*Task objective*: In the entries below, spot each line with the word "layers" and copy it.

*Given entries*:

┄┄┄┄┄┄

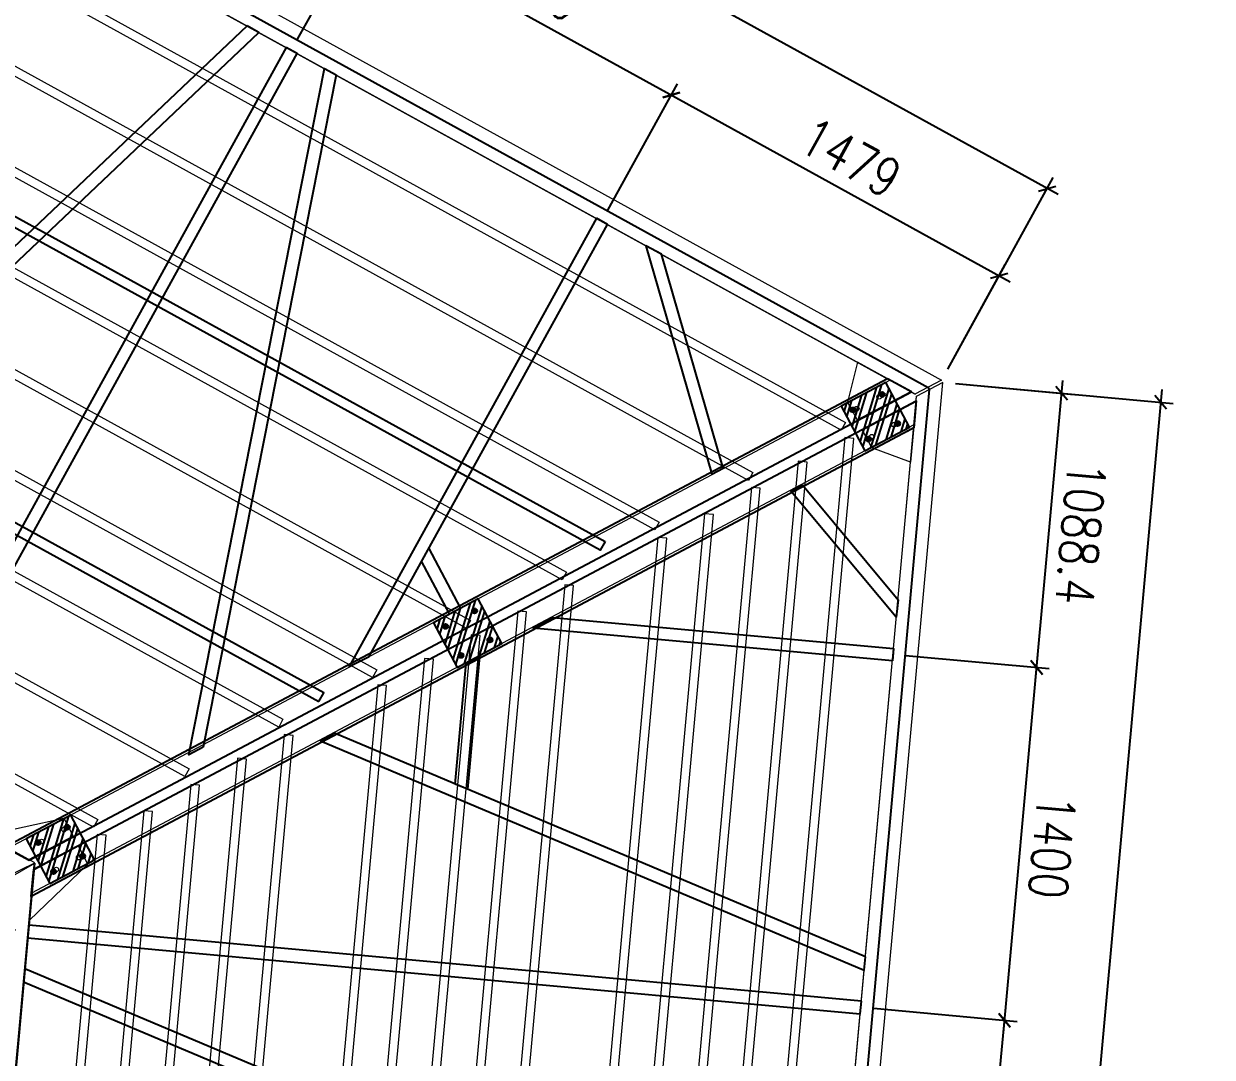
# Model space of a CAD drawing. Extents: x 15372 to 116961, y 24572 to 128109.
# Drawn here: x 89921 to 94617, y 90582 to 94667 of the extents above; entities that cross this region are included whole.
import ezdxf

# ---------------------------------------------------------------- set-up
doc = ezdxf.new("R2010")
doc.units = 0
doc.header["$LTSCALE"] = 1000
doc.header["$MEASUREMENT"] = 0
doc.linetypes.add('HIDDEN', pattern=[0.375, 0.25, -0.125])
for name, color, linetype, lineweight in [('加强板', 140, 'Continuous', 18), ('虚线', 8, 'Continuous', 0), ('铝主梁', 3, 'Continuous', 9), ('铝龙骨', 7, 'Continuous', 9)]:
    doc.layers.add(name, color=color, linetype=linetype, lineweight=lineweight)
for name, color, linetype in [('卡槽', 242, 'Continuous'), ('标注', 9, 'Continuous'), ('连接端梁', 130, 'Continuous'), ('铝横梁', 220, 'Continuous')]:
    doc.layers.add(name, color=color, linetype=linetype)
doc.styles.add('HZTXT', font='txtw.shx', dxfattribs={"width": 0.8, "bigfont": 'hztxtw.shx'})
doc.dimstyles.new('DIM-50', dxfattribs={"dimscale": 50, "dimtxt": 3, "dimasz": 1, "dimexe": 1, "dimexo": 1, "dimgap": 1, "dimtad": 1, "dimdec": 1, "dimdsep": 46, "dimtxsty": 'HZTXT', "dimblk": 'OBLIQUE', "dimblk1": 'ARCHTICK', "dimblk2": 'OBLIQUE', "dimcen": 0, "dimdle": 1, "dimclrd": 9, "dimclre": 9, "dimclrt": 2, "dimadec": 1, "dimazin": 0, "dimtfac": 1, "dimtdec": 1, "dimtix": 1, "dimtmove": 2, "dimatfit": 3, "dimldrblk": 'OBLIQUE', "dimfxl": 15, "dimtolj": 1, "dimtzin": 0, "dimarcsym": 1})

# ---------------------------------------------------------------- blocks, each defined once
blk = doc.blocks.new('_Oblique')
at = {"color": 0, "linetype": 'ByBlock', "lineweight": -2}
blk.add_line((-0.5, -0.5), (0.5, 0.5), dxfattribs=at)
blk = doc.blocks.new('*D738')
at = {"layer": 'Defpoints', "color": 0, "transparency": 16777216}
for p in [(68971.6, 71967.1), (67571.6, 71397.2), (68971.6, 71397.2)]:
    blk.add_point(p, dxfattribs=at)
at = {"layer": '标注', "color": 9, "lineweight": -2, "transparency": 16777216}
for p, q in [((67571.6, 71447.2), (67571.6, 72017.1)), ((68971.6, 71447.2), (68971.6, 72017.1)), ((67521.6, 71967.1), (69021.6, 71967.1))]:
    blk.add_line(p, q, dxfattribs=at)
at = {"layer": '标注', "color": 9, "lineweight": -2, "transparency": 16777216, "xscale": 50, "yscale": 50, "zscale": 50, "rotation": 180}
blk.add_blockref('_Oblique', (67571.6, 71967.1), dxfattribs=at)
at = {"layer": '标注', "color": 9, "lineweight": -2, "transparency": 16777216, "xscale": 50, "yscale": 50, "zscale": 50}
blk.add_blockref('_Oblique', (68971.6, 71967.1), dxfattribs=at)
at = {"layer": '标注', "color": 2, "transparency": 16777216, "insert": (68271.6, 72092.1), "char_height": 150, "attachment_point": 5, "style": 'HZTXT'}
blk.add_mtext('\\A1;1400', dxfattribs=at)
blk = doc.blocks.new('_ArchTick')
at = {"color": 0, "linetype": 'ByBlock', "const_width": 0.4}
blk.add_lwpolyline([(-0.5, -0.5), (0.5, 0.5)], dxfattribs=at)
blk = doc.blocks.new('*D739')
at = {"layer": 'Defpoints', "color": 0, "transparency": 16777216}
for p in [(63292.6, 72359.8), (63292.6, 71495.2), (71850.6, 71495.2)]:
    blk.add_point(p, dxfattribs=at)
at = {"layer": '标注', "color": 9, "lineweight": -2, "transparency": 16777216}
for p, q in [((63292.6, 71545.2), (63292.6, 72409.8)), ((71850.6, 71545.2), (71850.6, 72409.8)), ((71900.6, 72359.8), (63242.6, 72359.8))]:
    blk.add_line(p, q, dxfattribs=at)
at = {"layer": '标注', "color": 9, "lineweight": -2, "transparency": 16777216, "xscale": 50, "yscale": 50, "zscale": 50, "rotation": 180}
blk.add_blockref('_Oblique', (63292.6, 72359.8), dxfattribs=at)
at = {"layer": '标注', "color": 9, "lineweight": -2, "transparency": 16777216, "xscale": 50, "yscale": 50, "zscale": 50}
blk.add_blockref('_Oblique', (71850.6, 72359.8), dxfattribs=at)
at = {"layer": '标注', "color": 2, "transparency": 16777216, "insert": (67571.6, 72484.8), "char_height": 150, "attachment_point": 5, "style": 'HZTXT'}
blk.add_mtext('\\A1;8558', dxfattribs=at)
blk = doc.blocks.new('*D742')
at = {"layer": 'Defpoints', "color": 0, "transparency": 16777216}
for p in [(70371.6, 71967.1), (68971.6, 71397.2), (70371.6, 71397.2)]:
    blk.add_point(p, dxfattribs=at)
at = {"layer": '标注', "color": 9, "lineweight": -2, "transparency": 16777216}
for p, q in [((68971.6, 71447.2), (68971.6, 72017.1)), ((70371.6, 71447.2), (70371.6, 72017.1)), ((68921.6, 71967.1), (70421.6, 71967.1))]:
    blk.add_line(p, q, dxfattribs=at)
at = {"layer": '标注', "color": 9, "lineweight": -2, "transparency": 16777216, "xscale": 50, "yscale": 50, "zscale": 50, "rotation": 180}
blk.add_blockref('_Oblique', (68971.6, 71967.1), dxfattribs=at)
at = {"layer": '标注', "color": 9, "lineweight": -2, "transparency": 16777216, "xscale": 50, "yscale": 50, "zscale": 50}
blk.add_blockref('_Oblique', (70371.6, 71967.1), dxfattribs=at)
at = {"layer": '标注', "color": 2, "transparency": 16777216, "insert": (69671.6, 72092.1), "char_height": 150, "attachment_point": 5, "style": 'HZTXT'}
blk.add_mtext('\\A1;1400', dxfattribs=at)
blk = doc.blocks.new('*D743')
at = {"layer": 'Defpoints', "color": 0, "transparency": 16777216}
for p in [(71850.6, 71967.1), (71850.6, 71495.2), (70371.6, 71397.2)]:
    blk.add_point(p, dxfattribs=at)
at = {"layer": '标注', "color": 9, "lineweight": -2, "transparency": 16777216}
for p, q in [((70371.6, 71447.2), (70371.6, 72017.1)), ((71850.6, 71545.2), (71850.6, 72017.1)), ((70321.6, 71967.1), (71900.6, 71967.1))]:
    blk.add_line(p, q, dxfattribs=at)
at = {"layer": '标注', "color": 9, "lineweight": -2, "transparency": 16777216, "xscale": 50, "yscale": 50, "zscale": 50, "rotation": 180}
blk.add_blockref('_Oblique', (70371.6, 71967.1), dxfattribs=at)
at = {"layer": '标注', "color": 9, "lineweight": -2, "transparency": 16777216, "xscale": 50, "yscale": 50, "zscale": 50}
blk.add_blockref('_Oblique', (71850.6, 71967.1), dxfattribs=at)
at = {"layer": '标注', "color": 2, "transparency": 16777216, "insert": (71111.1, 72092.1), "char_height": 150, "attachment_point": 5, "style": 'HZTXT'}
blk.add_mtext('\\A1;1479', dxfattribs=at)
blk = doc.blocks.new('*D744')
at = {"layer": 'Defpoints', "color": 0, "transparency": 16777216}
for p in [(68971.6, 68093.2), (69563, 67995.2), (69563, 67657.1)]:
    blk.add_point(p, dxfattribs=at)
at = {"layer": '标注', "color": 9, "lineweight": -2, "transparency": 16777216}
for p, q in [((68971.6, 68043.2), (68971.6, 67607.1)), ((69563, 67945.2), (69563, 67607.1)), ((68921.6, 67657.1), (69613, 67657.1))]:
    blk.add_line(p, q, dxfattribs=at)
at = {"layer": '标注', "color": 9, "lineweight": -2, "transparency": 16777216, "xscale": 50, "yscale": 50, "zscale": 50, "rotation": 180}
blk.add_blockref('_Oblique', (68971.6, 67657.1), dxfattribs=at)
at = {"layer": '标注', "color": 9, "lineweight": -2, "transparency": 16777216, "xscale": 50, "yscale": 50, "zscale": 50}
blk.add_blockref('_Oblique', (69563, 67657.1), dxfattribs=at)
at = {"layer": '标注', "color": 2, "transparency": 16777216, "insert": (69267.3, 67782.1), "char_height": 150, "attachment_point": 5, "style": 'HZTXT'}
blk.add_mtext('\\A1;591.4', dxfattribs=at)
blk = doc.blocks.new('*D751')
at = {"layer": 'Defpoints', "color": 0, "transparency": 16777216}
for p in [(80632.8, 72159.7), (80632.8, 71589.8), (82032.8, 71589.8)]:
    blk.add_point(p, dxfattribs=at)
at = {"layer": '标注', "color": 9, "lineweight": -2, "transparency": 16777216}
for p, q in [((80632.8, 71639.8), (80632.8, 72209.7)), ((82032.8, 71639.8), (82032.8, 72209.7)), ((82082.8, 72159.7), (80582.8, 72159.7))]:
    blk.add_line(p, q, dxfattribs=at)
at = {"layer": '标注', "color": 9, "lineweight": -2, "transparency": 16777216, "xscale": 50, "yscale": 50, "zscale": 50, "rotation": 180}
blk.add_blockref('_Oblique', (80632.8, 72159.7), dxfattribs=at)
at = {"layer": '标注', "color": 9, "lineweight": -2, "transparency": 16777216, "xscale": 50, "yscale": 50, "zscale": 50}
blk.add_blockref('_Oblique', (82032.8, 72159.7), dxfattribs=at)
at = {"layer": '标注', "color": 2, "transparency": 16777216, "insert": (81332.8, 72284.7), "char_height": 150, "attachment_point": 5, "style": 'HZTXT'}
blk.add_mtext('\\A1;1400', dxfattribs=at)
blk = doc.blocks.new('*D752')
at = {"layer": 'Defpoints', "color": 0, "transparency": 16777216}
for p in [(79232.8, 72159.7), (79232.8, 71589.8), (80632.8, 71589.8)]:
    blk.add_point(p, dxfattribs=at)
at = {"layer": '标注', "color": 9, "lineweight": -2, "transparency": 16777216}
for p, q in [((79232.8, 71639.8), (79232.8, 72209.7)), ((80632.8, 71639.8), (80632.8, 72209.7)), ((80682.8, 72159.7), (79182.8, 72159.7))]:
    blk.add_line(p, q, dxfattribs=at)
at = {"layer": '标注', "color": 9, "lineweight": -2, "transparency": 16777216, "xscale": 50, "yscale": 50, "zscale": 50, "rotation": 180}
blk.add_blockref('_Oblique', (79232.8, 72159.7), dxfattribs=at)
at = {"layer": '标注', "color": 9, "lineweight": -2, "transparency": 16777216, "xscale": 50, "yscale": 50, "zscale": 50}
blk.add_blockref('_Oblique', (80632.8, 72159.7), dxfattribs=at)
at = {"layer": '标注', "color": 2, "transparency": 16777216, "insert": (79932.8, 72284.7), "char_height": 150, "attachment_point": 5, "style": 'HZTXT'}
blk.add_mtext('\\A1;1400', dxfattribs=at)
blk = doc.blocks.new('*D753')
at = {"layer": 'Defpoints', "color": 0, "transparency": 16777216}
for p in [(78144.4, 72159.7), (78144.4, 71687.8), (79232.8, 71589.8)]:
    blk.add_point(p, dxfattribs=at)
at = {"layer": '标注', "color": 9, "lineweight": -2, "transparency": 16777216}
for p, q in [((78144.4, 71737.8), (78144.4, 72209.7)), ((79232.8, 71639.8), (79232.8, 72209.7)), ((79282.8, 72159.7), (78094.4, 72159.7))]:
    blk.add_line(p, q, dxfattribs=at)
at = {"layer": '标注', "color": 9, "lineweight": -2, "transparency": 16777216, "xscale": 50, "yscale": 50, "zscale": 50, "rotation": 180}
blk.add_blockref('_Oblique', (78144.4, 72159.7), dxfattribs=at)
at = {"layer": '标注', "color": 9, "lineweight": -2, "transparency": 16777216, "xscale": 50, "yscale": 50, "zscale": 50}
blk.add_blockref('_Oblique', (79232.8, 72159.7), dxfattribs=at)
at = {"layer": '标注', "color": 2, "transparency": 16777216, "insert": (78688.6, 72284.7), "char_height": 150, "attachment_point": 5, "style": 'HZTXT'}
blk.add_mtext('\\A1;1088.4', dxfattribs=at)
blk = doc.blocks.new('*D754')
at = {"layer": 'Defpoints', "color": 0, "transparency": 16777216}
for p in [(84432.8, 72552.4), (78144.4, 71687.8), (84432.8, 71687.8)]:
    blk.add_point(p, dxfattribs=at)
at = {"layer": '标注', "color": 9, "lineweight": -2, "transparency": 16777216}
for p, q in [((78144.4, 71737.8), (78144.4, 72602.4)), ((84432.8, 71737.8), (84432.8, 72602.4)), ((78094.4, 72552.4), (84482.8, 72552.4))]:
    blk.add_line(p, q, dxfattribs=at)
at = {"layer": '标注', "color": 9, "lineweight": -2, "transparency": 16777216, "xscale": 50, "yscale": 50, "zscale": 50, "rotation": 180}
blk.add_blockref('_Oblique', (78144.4, 72552.4), dxfattribs=at)
at = {"layer": '标注', "color": 9, "lineweight": -2, "transparency": 16777216, "xscale": 50, "yscale": 50, "zscale": 50}
blk.add_blockref('_Oblique', (84432.8, 72552.4), dxfattribs=at)
at = {"layer": '标注', "color": 2, "transparency": 16777216, "insert": (81288.6, 72677.4), "char_height": 150, "attachment_point": 5, "style": 'HZTXT'}
blk.add_mtext('\\A1;6288.4', dxfattribs=at)
blk = doc.blocks.new('*D757')
at = {"layer": 'Defpoints', "color": 0, "transparency": 16777216}
for p in [(80632.8, 68285.8), (80432.8, 68187.8), (80632.8, 67817.4)]:
    blk.add_point(p, dxfattribs=at)
at = {"layer": '标注', "color": 9, "lineweight": -2, "transparency": 16777216}
for p, q in [((80632.8, 68235.8), (80632.8, 67767.4)), ((80432.8, 68137.8), (80432.8, 67767.4)), ((80432.8, 67817.4), (80382.8, 67817.4)), ((80432.8, 67817.4), (80632.8, 67817.4)), ((80632.8, 67817.4), (80682.8, 67817.4))]:
    blk.add_line(p, q, dxfattribs=at)
at = {"layer": '标注', "color": 9, "lineweight": -2, "transparency": 16777216, "xscale": 50, "yscale": 50, "zscale": 50}
blk.add_blockref('_Oblique', (80432.8, 67817.4), dxfattribs=at)
at = {"layer": '标注', "color": 9, "lineweight": -2, "transparency": 16777216, "xscale": 50, "yscale": 50, "zscale": 50, "rotation": 180}
blk.add_blockref('_Oblique', (80632.8, 67817.4), dxfattribs=at)
at = {"layer": '标注', "color": 2, "transparency": 16777216, "insert": (80532.8, 67942.4), "char_height": 150, "attachment_point": 5, "style": 'HZTXT'}
blk.add_mtext('\\A1;200', dxfattribs=at)
blk = doc.blocks.new('*D758')
at = {"color": 9, "lineweight": -2, "transparency": 16777216}
for p, q in [((80632.8, 68235.8), (80632.8, 67767.4)), ((82032.8, 68235.8), (82032.8, 67767.4)), ((80582.8, 67817.4), (82082.8, 67817.4))]:
    blk.add_line(p, q, dxfattribs=at)
at = {"layer": 'Defpoints', "color": 0, "transparency": 16777216}
for p in [(80632.8, 68285.8), (82032.8, 68285.8), (82032.8, 67817.4)]:
    blk.add_point(p, dxfattribs=at)
at = {"color": 9, "lineweight": -2, "transparency": 16777216, "xscale": 50, "yscale": 50, "zscale": 50, "rotation": 180}
blk.add_blockref('_Oblique', (80632.8, 67817.4), dxfattribs=at)
at = {"color": 9, "lineweight": -2, "transparency": 16777216, "xscale": 50, "yscale": 50, "zscale": 50}
blk.add_blockref('_Oblique', (82032.8, 67817.4), dxfattribs=at)
at = {"color": 2, "transparency": 16777216, "insert": (81332.8, 67942.4), "char_height": 150, "attachment_point": 5, "style": 'HZTXT'}
blk.add_mtext('\\A1;1400', dxfattribs=at)
blk = doc.blocks.new('橡胶块200x200x60')
h = blk.add_hatch()
h.set_pattern_fill('ANSI32', color=256, scale=10)
h.set_pattern_definition([(45, (0, 0), (-33.67596, 33.67596), []), (45, (22.45, 0), (-33.67596, 33.67596), [])])
h.paths.add_polyline_path([(25487.9, 88551.2), (25687.9, 88551.2), (25687.9, 88751.2), (25487.9, 88751.2)])
blk.add_lwpolyline([(25487.9, 88551.2), (25687.9, 88551.2), (25687.9, 88751.2), (25487.9, 88751.2)], close=True)
for points in [[(25512.9, 88716.2), (25532.9, 88716.2)], [(25522.9, 88726.2), (25522.9, 88706.2)], [(25662.9, 88716.2), (25642.9, 88716.2)], [(25652.9, 88726.2), (25652.9, 88706.2)], [(25512.9, 88586.2), (25532.9, 88586.2)], [(25522.9, 88576.2), (25522.9, 88596.2)], [(25662.9, 88586.2), (25642.9, 88586.2)], [(25652.9, 88576.2), (25652.9, 88596.2)]]:
    blk.add_lwpolyline(points)
for centre, radius in [((25522.9, 88716.2), 10), ((25522.9, 88716.2), 8), ((25652.9, 88716.2), 10), ((25652.9, 88716.2), 8), ((25522.9, 88586.2), 10), ((25522.9, 88586.2), 8), ((25652.9, 88586.2), 10), ((25652.9, 88586.2), 8)]:
    blk.add_circle(centre, radius)
blk = doc.blocks.new('M41')
blk.add_lwpolyline([(71661.14, 71397.17), (71645.37, 71373.03)])
at = {"layer": '加强板', "color": 5}
for points in [[(71765.55, 71397.16), (71525.53, 71397.16), (71567.28, 71240.04), (71634.25, 71196.27)], [(71765.55, 71397.16), (71525.53, 71397.16), (71567.28, 71240.04), (71634.25, 71196.27)], [(69606.13, 68093.16), (69406.16, 68093.16), (69648.58, 68304.35), (69715.55, 68260.58)], [(69606.13, 68093.16), (69406.16, 68093.16), (69648.58, 68304.35), (69715.55, 68260.58)]]:
    blk.add_lwpolyline(points, close=True, dxfattribs=at)
for centre in [(71666.42, 71318.6), (71666.42, 71318.6), (71611.71, 71234.9), (71611.71, 71234.9), (69671.12, 68265.72), (69671.12, 68265.72), (69616.41, 68182.01), (69616.41, 68182.01)]:
    blk.add_circle(centre, 9, dxfattribs=at)
at = {"layer": '卡槽', "color": 22, "ltscale": 5000, "elevation": 0}
for points in [[(70994.14, 70295.15), (70994.14, 70255.15), (63421.48, 70255.15), (63421.48, 70295.15)], [(70309.09, 69195.18), (70309.09, 69235.18), (63494.09, 69235.18), (63494.09, 69195.18)]]:
    blk.add_lwpolyline(points, close=True, dxfattribs=at)
at = {"layer": '虚线', "color": 1, "linetype": 'HIDDEN', "ltscale": 300}
for p, q in [((63299.35, 71397.16), (71786.58, 71397.16)), ((63299.35, 71397.16), (71786.58, 71397.16)), ((71673.08, 71397.15), (69513.53, 68093.15)), ((71673.08, 71397.15), (69513.53, 68093.15)), ((63526.99, 68093.16), (69609.11, 68093.16)), ((63526.99, 68093.16), (69609.11, 68093.16))]:
    blk.add_line(p, q, dxfattribs=at)
at = {"layer": '连接端梁'}
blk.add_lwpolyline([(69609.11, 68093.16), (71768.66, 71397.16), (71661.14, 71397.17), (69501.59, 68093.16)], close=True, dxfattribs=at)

┄┄┄┄┄┄

*Response area*:
    doc.layers.add(name, color=color, linetype=linetype, lineweight=lineweight)
    doc.layers.add(name, color=color, linetype=linetype)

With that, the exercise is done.